* Data supplied *
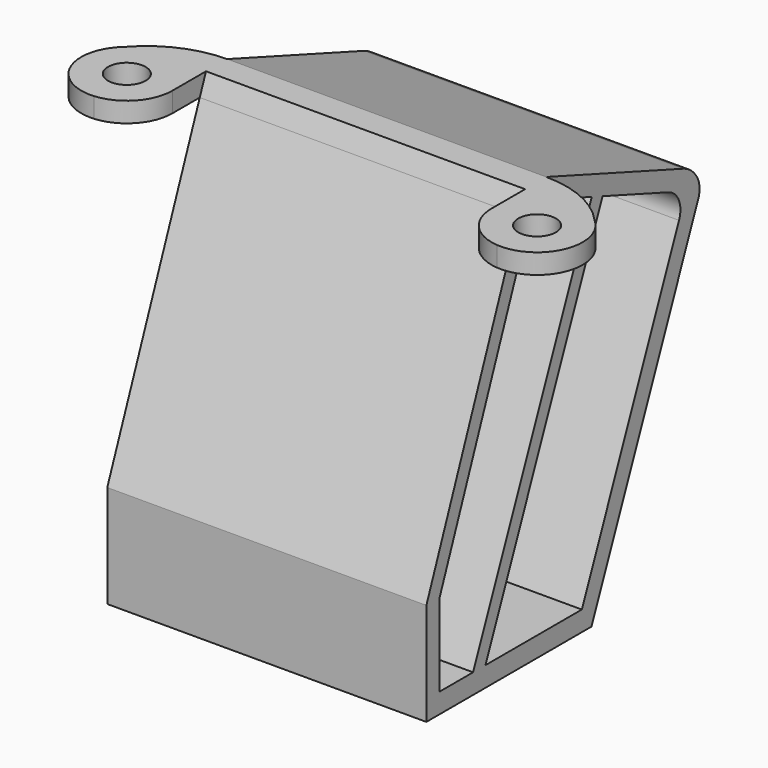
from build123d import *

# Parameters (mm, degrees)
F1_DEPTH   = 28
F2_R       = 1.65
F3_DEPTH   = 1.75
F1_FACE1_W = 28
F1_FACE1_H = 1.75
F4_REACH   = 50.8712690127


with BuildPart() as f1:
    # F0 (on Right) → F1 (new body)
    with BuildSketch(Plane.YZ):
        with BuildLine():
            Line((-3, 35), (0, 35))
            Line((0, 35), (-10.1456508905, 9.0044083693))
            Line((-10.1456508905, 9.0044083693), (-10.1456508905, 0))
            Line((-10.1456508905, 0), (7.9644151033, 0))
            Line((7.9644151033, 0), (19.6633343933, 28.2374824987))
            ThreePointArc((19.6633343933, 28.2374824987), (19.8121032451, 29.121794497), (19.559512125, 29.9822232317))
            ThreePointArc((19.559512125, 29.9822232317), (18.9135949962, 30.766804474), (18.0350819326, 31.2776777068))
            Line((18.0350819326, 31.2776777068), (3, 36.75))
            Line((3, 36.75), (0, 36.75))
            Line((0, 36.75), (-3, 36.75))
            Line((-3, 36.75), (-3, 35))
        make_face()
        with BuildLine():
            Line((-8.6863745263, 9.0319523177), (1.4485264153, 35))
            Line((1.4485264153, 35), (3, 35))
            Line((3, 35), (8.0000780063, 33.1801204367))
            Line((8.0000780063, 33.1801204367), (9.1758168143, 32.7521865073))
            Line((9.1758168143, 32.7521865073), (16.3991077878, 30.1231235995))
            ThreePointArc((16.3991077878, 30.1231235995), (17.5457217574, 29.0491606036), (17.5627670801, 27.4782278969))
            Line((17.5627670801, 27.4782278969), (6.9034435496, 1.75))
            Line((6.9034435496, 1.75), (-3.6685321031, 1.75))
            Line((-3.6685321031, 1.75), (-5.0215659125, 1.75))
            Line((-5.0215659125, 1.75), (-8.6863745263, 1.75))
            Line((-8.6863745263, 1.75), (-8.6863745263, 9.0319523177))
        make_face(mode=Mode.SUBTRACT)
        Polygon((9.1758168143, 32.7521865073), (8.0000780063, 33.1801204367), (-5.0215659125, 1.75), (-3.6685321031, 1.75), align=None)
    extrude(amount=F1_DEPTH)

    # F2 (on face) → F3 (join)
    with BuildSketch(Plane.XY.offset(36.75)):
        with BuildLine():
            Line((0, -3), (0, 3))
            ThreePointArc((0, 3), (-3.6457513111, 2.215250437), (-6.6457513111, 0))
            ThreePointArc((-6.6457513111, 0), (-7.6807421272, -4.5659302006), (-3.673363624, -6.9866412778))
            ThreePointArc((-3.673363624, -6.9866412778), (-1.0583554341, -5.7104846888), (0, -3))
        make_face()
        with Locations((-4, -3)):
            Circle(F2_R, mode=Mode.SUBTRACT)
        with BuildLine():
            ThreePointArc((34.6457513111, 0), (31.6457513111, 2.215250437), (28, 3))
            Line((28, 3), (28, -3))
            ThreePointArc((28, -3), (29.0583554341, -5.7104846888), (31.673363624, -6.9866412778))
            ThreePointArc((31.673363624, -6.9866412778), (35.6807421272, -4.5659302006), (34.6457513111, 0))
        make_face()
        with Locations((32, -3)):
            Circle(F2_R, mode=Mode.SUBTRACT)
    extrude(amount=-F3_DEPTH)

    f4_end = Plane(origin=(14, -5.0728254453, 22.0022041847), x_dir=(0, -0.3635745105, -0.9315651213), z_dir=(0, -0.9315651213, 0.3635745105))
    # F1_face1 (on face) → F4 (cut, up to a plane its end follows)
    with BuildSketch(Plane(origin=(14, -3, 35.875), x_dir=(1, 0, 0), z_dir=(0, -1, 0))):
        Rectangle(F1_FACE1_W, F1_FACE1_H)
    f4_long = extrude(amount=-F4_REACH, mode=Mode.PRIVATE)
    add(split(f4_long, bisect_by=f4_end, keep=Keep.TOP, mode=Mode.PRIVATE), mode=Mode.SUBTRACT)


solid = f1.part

* Exercise *
Write out again, exactly, the lines from the start of the listing up to the line containing "Line((0, 35), (-10.1456508905, 9.0044083693))", with both ends and without pictures.

* Response below *
from build123d import *

# Parameters (mm, degrees)
F1_DEPTH   = 28
F2_R       = 1.65
F3_DEPTH   = 1.75
F1_FACE1_W = 28
F1_FACE1_H = 1.75
F4_REACH   = 50.8712690127


with BuildPart() as f1:
    # F0 (on Right) → F1 (new body)
    with BuildSketch(Plane.YZ):
        with BuildLine():
            Line((-3, 35), (0, 35))
            Line((0, 35), (-10.1456508905, 9.0044083693))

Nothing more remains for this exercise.